Wabvpz, nieuwe regels in de praktijk

1 juli 2020 was het zover, de onder minister Schippers uitgestelde regels zijn deels in werking getreden. Althans, twee van de vijf. Maar zijn die nieuwe regels wel echt nieuw? Of hadden ze allang geïmplementeerd moeten zijn in de zorginformatie- en uitwisselingssystemen? Uit de berichtgeving in aanloop naar 1 juli bleek dat er hard gewerkt is door leveranciers van zorginformatiesystemen (denk aan een HIS, een ZIS of een ander EPD) om die deadline te halen. Waarom moe(s)ten nou juist de ICT-leveranciers aan de slag?

 

Wat is er echt nieuw

 

Veel van de plichten zoals opgenomen in de Wet aanvullende bepalingen verwerking persoonsgegevens in de zorg (“Wabvpz”) bestonden al, dan wel op grond van de Wet op de geneeskundige behandelingsovereenkomst (“WGBO”) dan wel op grond van de Algemene Verordening Gegevensbescherming (“AVG”).

 

Op basis van de juridische factsheet van het ministerie van VWS over de Wabvpz, moet ik concluderen dat vooral de woorden “elektronisch” en “kosteloos” het verschil maken. De nieuwe regels in dat kader zijn:

  • De patiënt heeft het recht om kosteloos en elektronisch inzage en afschrift te krijgen van zijn dossier of gegevens zoals beschikbaar gesteld aan andere zorgaanbieders via een elektronisch uitwisselingssysteem.
  • De patiënt heeft het recht om kosteloos en elektronisch afschrift te krijgen van de logging.

En daarnaast nog deze nieuwe regel:

  • De patiënt heeft het recht om gegevens aan het dossier toe te laten voegen door de apotheker over zelfmedicatie en deze informatie beschikbaar te maken via het elektronisch uitwisselingssysteem.

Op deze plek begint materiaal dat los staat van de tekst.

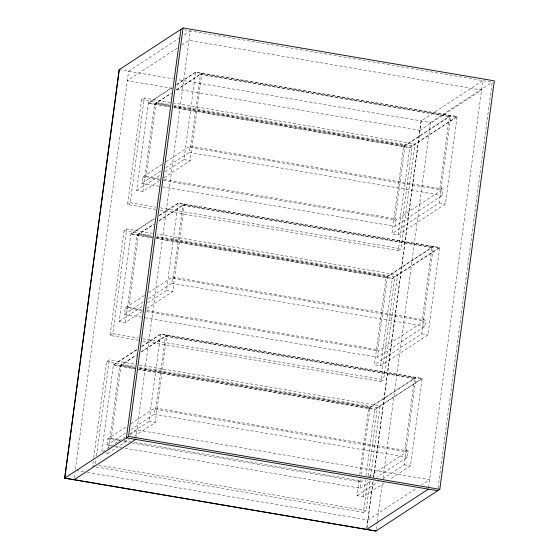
<?xml version="1.0" encoding="UTF-8"?>
<svg xmlns="http://www.w3.org/2000/svg" width="559" height="559" viewBox="0 0 559 559"><rect width="100%" height="100%" fill="white"/><g stroke="black" fill="none" stroke-linecap="round" stroke-linejoin="round"><path stroke-width="0.42" stroke-dasharray="2.79 2.1" d="M74.249 478.036L75.018 472.774M75.409 469.364L128.598 71.21M93.29 461.196L92.598 466.388L94.639 465.053M93.751 457.73L106.573 361.645L109.291 359.87L135.082 364.251M138.436 340.284L110.067 335.463L124.042 230.72L126.76 228.945L152.551 233.327M155.905 209.359L127.536 204.538L141.511 99.795L144.229 98.021L170.02 102.402M95.435 463.746L96.008 459.414M96.469 455.955L109.291 359.87M110.067 335.463L112.785 333.688L126.76 228.945M127.536 204.538L130.254 202.763L144.229 98.021M136.689 349.641L113.4 364.852L101.731 452.315L125.02 437.096M142.168 311.51L125.426 322.445L119.2 321.383L130.869 233.928L154.158 218.716M159.636 180.585L142.894 191.52L136.669 190.458L148.338 103.003L171.627 87.791M111.22 445.893L106.93 445.16L107.768 438.878L126.69 426.517M141.567 317.156L124.398 314.235L125.237 307.953L144.886 295.117M159.035 186.224L141.867 183.31L142.706 177.028L162.355 164.185M105.623 452.972L107.957 453.37L108.187 451.644M108.649 448.192L119.626 365.914L136.361 354.979M125.426 322.445L137.095 234.983L153.837 224.047M142.894 191.52L154.563 104.058L171.306 93.122M109.843 439.227L111.262 438.305L121.044 364.985L134.789 367.319M127.312 308.302L128.731 307.38L138.513 234.06L152.258 236.394M144.781 177.378L146.199 176.448L155.982 103.135L169.726 105.469M135.865 438.549L190.256 30.927L183.003 35.664M130.114 433.77L149.029 421.409L160.706 333.947L422.171 378.373L410.502 465.836L390.126 479.147M147.583 302.845L166.505 290.484L178.174 203.022L439.64 247.448L427.97 334.911L380.672 365.817L374.446 364.754L386.115 277.299L433.414 246.393L421.745 333.849L374.446 364.754M165.052 171.92L183.974 159.553L195.643 72.097L457.108 116.524L445.439 203.986L398.141 234.885L391.915 233.83L403.584 146.374L450.882 115.468L439.213 202.924L391.915 233.83M130.946 429.473L154.228 414.254L155.067 407.972L408.238 450.987L407.399 457.276L376.836 477.246M148.415 298.548L171.704 283.329L172.542 277.047L425.706 320.062L424.868 326.351L377.57 357.25L144.998 317.736M165.883 167.623L189.173 152.404L190.011 146.123L443.175 189.138L442.337 195.419L395.038 226.325L162.466 186.811M155.723 409.251L165.506 335.931L414.526 378.247L404.744 451.567L155.723 409.251L157.142 408.322M173.192 278.326L182.975 205.006L431.995 247.323L422.213 320.635L173.192 278.326L174.611 277.397M190.661 147.401L200.45 74.081L449.464 116.391L439.681 189.711L190.661 147.401L192.086 146.472M134.153 436.251L155.255 422.464L166.924 335.009L141.455 351.646M146.528 308.659L172.724 291.539L184.4 204.084L158.931 220.721M163.997 177.727L190.2 160.615L201.869 73.152L176.399 89.796M384.306 482.948L363.203 496.741L356.977 495.679L359.276 478.427M359.779 474.668L368.647 408.224L415.945 377.318L404.276 464.774L383.174 478.567M358.864 481.544L360.282 480.614L360.513 478.895M361.086 474.605L370.065 407.294L139.079 368.046M376.333 350.619L377.751 349.689L387.534 276.37L156.548 237.121M393.802 219.694L395.22 218.765L405.002 145.445L174.017 106.196M124.95 448.227L360.101 488.182L360.939 481.893L364.573 479.517M377.57 357.25L378.408 350.968L425.706 320.062M395.038 226.325L395.877 220.043L443.175 189.138M363.203 496.741L365.502 479.482M365.963 476.03L374.872 409.279L422.171 378.373M380.672 365.817L392.341 278.354L439.64 247.448M398.141 234.885L409.81 147.429L457.108 116.524M96.036 466.975L363.406 512.4L367.675 480.377M368.255 476.044L377.381 407.665L139.24 367.2M142.734 341.011L380.875 381.476L394.85 276.733L156.709 236.275M160.202 210.086L398.343 250.551L412.318 145.808L174.177 105.351M363.406 512.4L366.124 510.626L370.163 480.328M370.624 476.869L380.099 405.883L139.38 364.985M380.875 381.476L383.593 379.701L397.568 274.958L156.848 234.06M398.343 250.551L401.062 248.776L415.037 144.033L174.317 103.129M366.732 528.604L373.084 480.999M373.545 477.54L421.123 120.975L482.85 80.643L428.46 488.266M366.921 527.703L373.153 480.95M373.615 477.491L421.193 120.926M376.186 529.317L377.108 522.392M377.227 521.533L382.496 482.536M382.999 478.259L430.528 122.519L177.58 79.595M438.032 488.126L492.186 82.229L183.464 29.774M128.528 71.259L178.649 38.508M177.392 47.934L127.27 80.685L172.088 88.245M181.745 45.09L188.998 40.353L481.592 90.069L419.865 130.401M176.721 84.458L195.643 72.097M171.585 88.098L148.296 103.317L169.118 106.853M176.679 84.772L195.601 72.411L457.066 116.838L409.768 147.744L173.416 107.587M154.522 104.372L171.264 93.437M176.358 90.111L201.827 73.467M165.995 161.81L190.011 146.123M141.867 183.31L160.789 170.949M136.669 190.458L159.958 175.246M159.252 215.383L178.174 203.022M154.116 219.03L130.827 234.242L152.509 237.924M159.21 215.697L178.132 203.336L439.598 247.763L392.299 278.668L155.947 238.511M137.053 235.297L153.795 224.362M158.889 221.036L184.358 204.398M148.526 292.734L172.542 277.047M124.398 314.235L143.321 301.874M119.2 321.383L142.489 306.171M430.458 122.561L492.186 82.229M403.542 146.689L450.84 115.783M141.783 346.307L160.706 333.947M136.648 349.955L113.358 365.167L135.04 368.849M141.741 346.622L160.664 334.261L422.129 378.688L374.83 409.593L138.478 369.436M119.584 366.229L136.319 355.293M141.413 351.96L166.882 335.323M439.681 189.711L441.1 188.788M131.058 423.659L155.067 407.972M106.93 445.16L125.852 432.799M129.751 434.727L137.004 429.99L429.605 479.706L421.626 484.919M107.957 453.37L129.059 439.584M386.073 277.613L433.372 246.708M422.213 320.635L423.631 319.713M368.605 408.538L415.903 377.632M404.744 451.567L406.162 450.638M368.94 476.666L408.238 450.987M360.101 488.182L371.742 480.572M356.977 495.679L378.806 481.418M367.878 520.038L416.546 488.238M200.408 74.396L449.422 116.705M119.186 69.672L173.346 78.819M176.323 89.021L419.935 130.359M141.511 99.795L169.88 104.617M155.94 103.45L169.684 105.784M173.975 106.51L404.961 145.759M148.338 103.003L170.02 106.685M174.317 107.419L409.81 147.429M189.173 152.404L442.337 195.419M183.974 159.553L190.2 160.615M439.213 202.924L445.439 203.986M146.199 176.448L159.944 178.789M164.234 179.516L395.22 218.765M142.706 177.028L160.237 180.005M163.305 180.529L395.877 220.043M182.933 205.321L431.953 247.637M130.254 202.763L156.045 207.144M160.342 207.871L401.062 248.776M124.042 230.72L152.411 235.542M138.471 234.375L152.216 236.709M156.506 237.435L387.492 276.684M130.869 233.928L152.551 237.61M156.848 238.344L392.341 278.354M171.704 283.329L424.868 326.351M166.505 290.484L172.724 291.539M421.745 333.849L427.97 334.911M128.731 307.38L142.475 309.714M146.765 310.441L377.751 349.689M125.237 307.953L142.769 310.93M146.696 311.601L378.408 350.968M165.464 336.245L414.485 378.562M112.785 333.688L138.576 338.069M142.873 338.796L383.593 379.701M106.573 361.645L134.943 366.466M121.003 365.3L134.747 367.633M139.037 368.36L370.023 407.609M113.4 364.852L135.082 368.535M138.52 369.122L374.872 409.279M154.228 414.254L407.399 457.276M149.029 421.409L155.255 422.464M404.276 464.774L410.502 465.836M111.262 438.305L120.709 439.905M124.147 440.492L131.016 441.659M134.446 442.239L360.282 480.614M107.768 438.878L120.15 440.981M123.581 441.561L128.738 442.442M131.798 442.959L360.939 481.893M114.658 446.473L121.52 447.64M98.754 465.193L366.124 510.626M76.143 470.468L83.955 471.733M87.33 472.369L367.948 519.989"/><path stroke-width="0.84" d="M376.025 531.001L64.753 478.113L119.186 69.672L183.045 27.95L494.317 80.838L439.814 489.328L375.955 531.05L64.683 478.162L119.263 69.623M180.913 29.341L126.411 437.83L437.683 490.718M64.683 478.162L128.542 436.439L183.045 27.95M74.026 479.748L135.746 439.416M366.62 529.464L428.348 489.132M128.542 436.439L439.814 489.328"/></g></svg>

ICT-dienstverlener of zorgaanbieder

 

De zorgaanbieders zijn verantwoordelijk voor het elektronisch en kosteloos geven van inzage en afschrift aan de patiënt. Echter om dat voor elkaar te krijgen, hebben zij in de praktijk toch echt de hulp van de ICT-leveranciers nodig. Dus, al ligt de verantwoordelijkheid bij de zorgaanbieder, het proces moet door de ICT-dienstverlener gedigitaliseerd worden.

 

PGO of anders

 

De innovatie wordt flink gesubsidieerd, denk aan de VIPP-subsidies voor verschillende zorgaanbieders. Voor de huisartsen geldt dat zij gebruik (kunnen) maken van het subsidieprogramma “OPEN”, een vergelijkbaar subsidieprogramma. Het was/is de bedoeling dat zij inzage en afschrift zouden geven middels een Persoonlijke GezondheidsOmgeving (“PGO”), ontwikkeld volgens het Afsprakenstelsel van MedMij.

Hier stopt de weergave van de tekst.